## Task requirements:
The answer should contain only the lines from the beginning of the entries through the line that holds "- R14 pad 1: GND -> /ESP8266EX/GPIO5", given again exactly, with no pictures.

## Records for this exercise:

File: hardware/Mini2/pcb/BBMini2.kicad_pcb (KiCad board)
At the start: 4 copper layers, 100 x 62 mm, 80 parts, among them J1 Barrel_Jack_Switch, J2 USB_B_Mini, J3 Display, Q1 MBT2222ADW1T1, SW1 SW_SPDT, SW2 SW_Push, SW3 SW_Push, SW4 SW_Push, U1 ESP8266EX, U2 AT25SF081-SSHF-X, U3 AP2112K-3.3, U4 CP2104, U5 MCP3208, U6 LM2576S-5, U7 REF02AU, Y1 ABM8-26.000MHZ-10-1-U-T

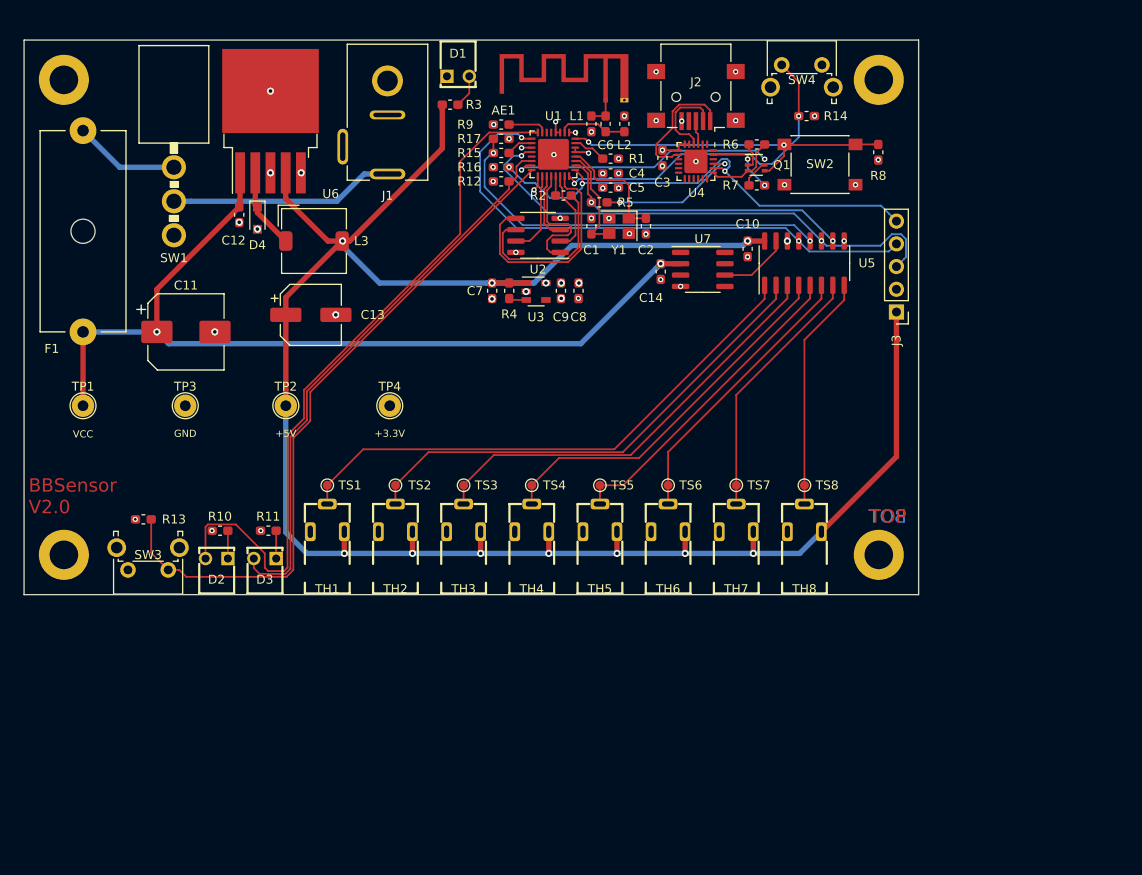
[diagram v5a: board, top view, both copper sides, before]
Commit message: feat: BBMini2 - experimental ESP8266 PCB (SMD)
* update Mini2 with current SDK

Issue #23
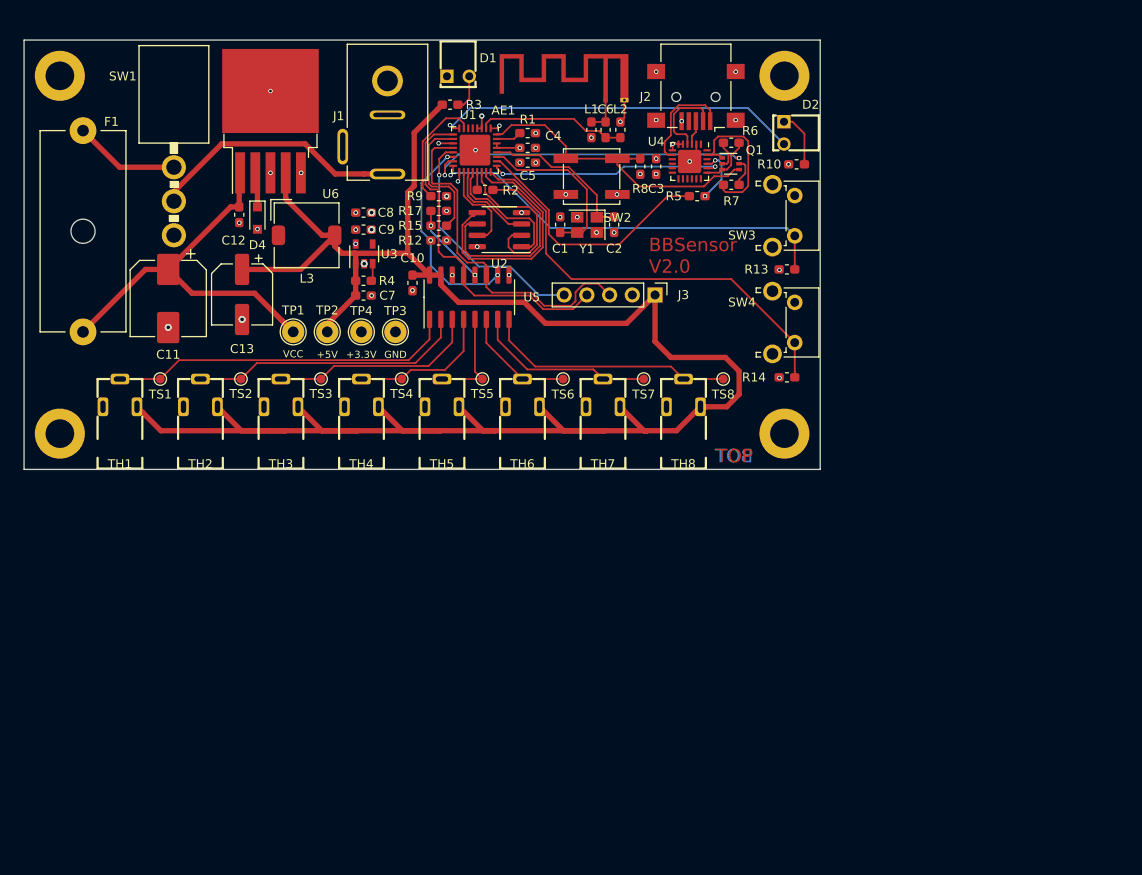
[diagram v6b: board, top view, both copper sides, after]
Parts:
- removed C14: 100n, Capacitor_SMD:C_0603_1608Metric_Pad1.05x0.95mm_HandSolder
- removed D3: LED_GREEN, VCC:5600F
- removed R11: 140, Resistor_SMD:R_0603_1608Metric_Pad1.05x0.95mm_HandSolder
- removed R16: 4k7, Resistor_SMD:R_0603_1608Metric_Pad1.05x0.95mm_HandSolder
- removed U7: REF02AU, Package_SO:SOIC-8_3.9x4.9mm_P1.27mm
- D2: value LED_RED -> LED
- SW2: footprint Button_Switch_SMD:SW_Push_1P1T_NO_6x6mm_H9.5mm -> Button_Switch_SMD:SW_SPST_EVPBF
- moved D2 84.9 mm to (103.9, 25.4), turned to 270 degrees
- moved SW3 81.6 mm to (101.2, 32.4), turned to 270 degrees
- moved R13 77.2 mm to (100.3, 40.6), turned to 180 degrees
- moved R10 76.4 mm to (101.4, 28.9), turned to 180 degrees
- moved U5 37.7 mm to (64.8, 43.8)
- moved C10 37.7 mm to (58.4, 42.1)
- moved R14 29.3 mm to (100.3, 52.7)
- moved TH1 27.1 mm to (25.7, 62.9)
- moved J3 27.1 mm to (85.5, 43.5), turned to 270 degrees
- moved R8 26.7 mm to (83.9, 29.1), turned to 270 degrees
- moved SW4 26.6 mm to (101.2, 44.3), turned to 270 degrees
- moved TH2 25.9 mm to (34.7, 62.9)
- moved C8 25.6 mm to (52.9, 34.3), turned to 180 degrees
- moved SW2 25.6 mm to (78.4, 30.3), turned to 0 degrees
- moved TP1 24.9 mm to (45.1, 47.6)
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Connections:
- net /ESP8266EX/GPIO13 renamed /ESP8266EX/MOSI
- net /ESP8266EX/GPIO14 renamed /ESP8266EX/SCLK
- net /IO/MISO renamed /ESP8266EX/MISO
- J3 pad 5: /ESP8266EX/GPIO1_TXD -> /ESP8266EX/GPIO15
- R10 pad 1: +3V3 -> Net-(D2-Pad1)
- R10 pad 2: Net-(D2-Pad1) -> +3V3
- R12 pad 1: +3V3 -> /ESP8266EX/CS1
- R12 pad 2: /ESP8266EX/GPIO2 -> +3V3
- R13 pad 1: GND -> /ESP8266EX/GPIO4
- R13 pad 2: /ESP8266EX/GPIO4 -> GND
- R14 pad 1: GND -> /ESP8266EX/GPIO5
- R14 pad 2: /ESP8266EX/GPIO5 -> GND
- R5 pad 2: /IO/CS1 -> /ESP8266EX/GPIO3_RXD
- R8 pad 1: +3V3 -> /ESP8266EX/~RST
- R8 pad 2: /ESP8266EX/~RST -> +3V3
- R9 pad 1: +3V3 -> /ESP8266EX/EN
- R9 pad 2: /ESP8266EX/EN -> +3V3
- SW2 pad 1: GND -> /ESP8266EX/~RST
- SW2 pad 2: /ESP8266EX/~RST -> GND
- SW3 pad 1: /ESP8266EX/GPIO4 -> +3V3
- SW3 pad 2: +3V3 -> /ESP8266EX/GPIO4
- SW4 pad 1: /ESP8266EX/GPIO5 -> +3V3
- SW4 pad 2: +3V3 -> /ESP8266EX/GPIO5
- U1 pad 13: Net-(U1-Pad13) -> /ESP8266EX/GPIO15
- U1 pad 14: /ESP8266EX/GPIO2 -> /ESP8266EX/CS1
- U1 pad 26: /IO/CS1 -> /ESP8266EX/GPIO3_RXD
- U5 pad 10: /IO/CS1 -> /ESP8266EX/CS1
- U5 pad 15: /Temperature/VREF -> +5V
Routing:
- net /ESP8266EX/GPIO2: track 63.3 -> 0.00 mm
- net VCC: track 100.9 -> 44.0 mm, vias 2 -> 0
- net /ESP8266EX/GPIO16: track 79.5 -> 41.0 mm, vias 0 -> 1
- net /ESP8266EX/MISO: track 44.8 -> 9.22 mm
- net /IO/CS1: track 34.0 -> 0.00 mm, vias 2 -> 0
- net /ESP8266EX/GPIO4: track 76.8 -> 46.4 mm, vias 0 -> 1
- net /ESP8266EX/GPIO3_RXD: track 0.00 -> 29.2 mm
- net /ESP8266EX/GPIO1_TXD: track 54.3 -> 26.3 mm, vias 3 -> 2
- net /ESP8266EX/GPIO15: track 0.00 -> 26.6 mm, vias 0 -> 1
- net /Temperature/SIGNAL4: track 42.1 -> 16.3 mm
- net /Temperature/SIGNAL3: track 48.4 -> 23.4 mm
- net /Temperature/SIGNAL5: track 35.7 -> 11.5 mm
- net /Temperature/SIGNAL2: track 54.8 -> 30.8 mm
- net /ESP8266EX/CS1: track 0.00 -> 23.2 mm, vias 0 -> 3
- net /ESP8266EX/SCLK: track 60.9 -> 38.0 mm, vias 2 -> 0
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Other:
- board size 100 x 62 mm -> 89 x 48 mm
- net class Default: via_dia 0.6 -> 0.5

## Reply:
File: hardware/Mini2/pcb/BBMini2.kicad_pcb (KiCad board)
At the start: 4 copper layers, 100 x 62 mm, 80 parts, among them J1 Barrel_Jack_Switch, J2 USB_B_Mini, J3 Display, Q1 MBT2222ADW1T1, SW1 SW_SPDT, SW2 SW_Push, SW3 SW_Push, SW4 SW_Push, U1 ESP8266EX, U2 AT25SF081-SSHF-X, U3 AP2112K-3.3, U4 CP2104, U5 MCP3208, U6 LM2576S-5, U7 REF02AU, Y1 ABM8-26.000MHZ-10-1-U-T

[diagram v5a: board, top view, both copper sides, before]
Commit message: feat: BBMini2 - experimental ESP8266 PCB (SMD)
* update Mini2 with current SDK

Issue #23
[diagram v6b: board, top view, both copper sides, after]
Parts:
- removed C14: 100n, Capacitor_SMD:C_0603_1608Metric_Pad1.05x0.95mm_HandSolder
- removed D3: LED_GREEN, VCC:5600F
- removed R11: 140, Resistor_SMD:R_0603_1608Metric_Pad1.05x0.95mm_HandSolder
- removed R16: 4k7, Resistor_SMD:R_0603_1608Metric_Pad1.05x0.95mm_HandSolder
- removed U7: REF02AU, Package_SO:SOIC-8_3.9x4.9mm_P1.27mm
- D2: value LED_RED -> LED
- SW2: footprint Button_Switch_SMD:SW_Push_1P1T_NO_6x6mm_H9.5mm -> Button_Switch_SMD:SW_SPST_EVPBF
- moved D2 84.9 mm to (103.9, 25.4), turned to 270 degrees
- moved SW3 81.6 mm to (101.2, 32.4), turned to 270 degrees
- moved R13 77.2 mm to (100.3, 40.6), turned to 180 degrees
- moved R10 76.4 mm to (101.4, 28.9), turned to 180 degrees
- moved U5 37.7 mm to (64.8, 43.8)
- moved C10 37.7 mm to (58.4, 42.1)
- moved R14 29.3 mm to (100.3, 52.7)
- moved TH1 27.1 mm to (25.7, 62.9)
- moved J3 27.1 mm to (85.5, 43.5), turned to 270 degrees
- moved R8 26.7 mm to (83.9, 29.1), turned to 270 degrees
- moved SW4 26.6 mm to (101.2, 44.3), turned to 270 degrees
- moved TH2 25.9 mm to (34.7, 62.9)
- moved C8 25.6 mm to (52.9, 34.3), turned to 180 degrees
- moved SW2 25.6 mm to (78.4, 30.3), turned to 0 degrees
- moved TP1 24.9 mm to (45.1, 47.6)
Connections:
- net /ESP8266EX/GPIO13 renamed /ESP8266EX/MOSI
- net /ESP8266EX/GPIO14 renamed /ESP8266EX/SCLK
- net /IO/MISO renamed /ESP8266EX/MISO
- J3 pad 5: /ESP8266EX/GPIO1_TXD -> /ESP8266EX/GPIO15
- R10 pad 1: +3V3 -> Net-(D2-Pad1)
- R10 pad 2: Net-(D2-Pad1) -> +3V3
- R12 pad 1: +3V3 -> /ESP8266EX/CS1
- R12 pad 2: /ESP8266EX/GPIO2 -> +3V3
- R13 pad 1: GND -> /ESP8266EX/GPIO4
- R13 pad 2: /ESP8266EX/GPIO4 -> GND
- R14 pad 1: GND -> /ESP8266EX/GPIO5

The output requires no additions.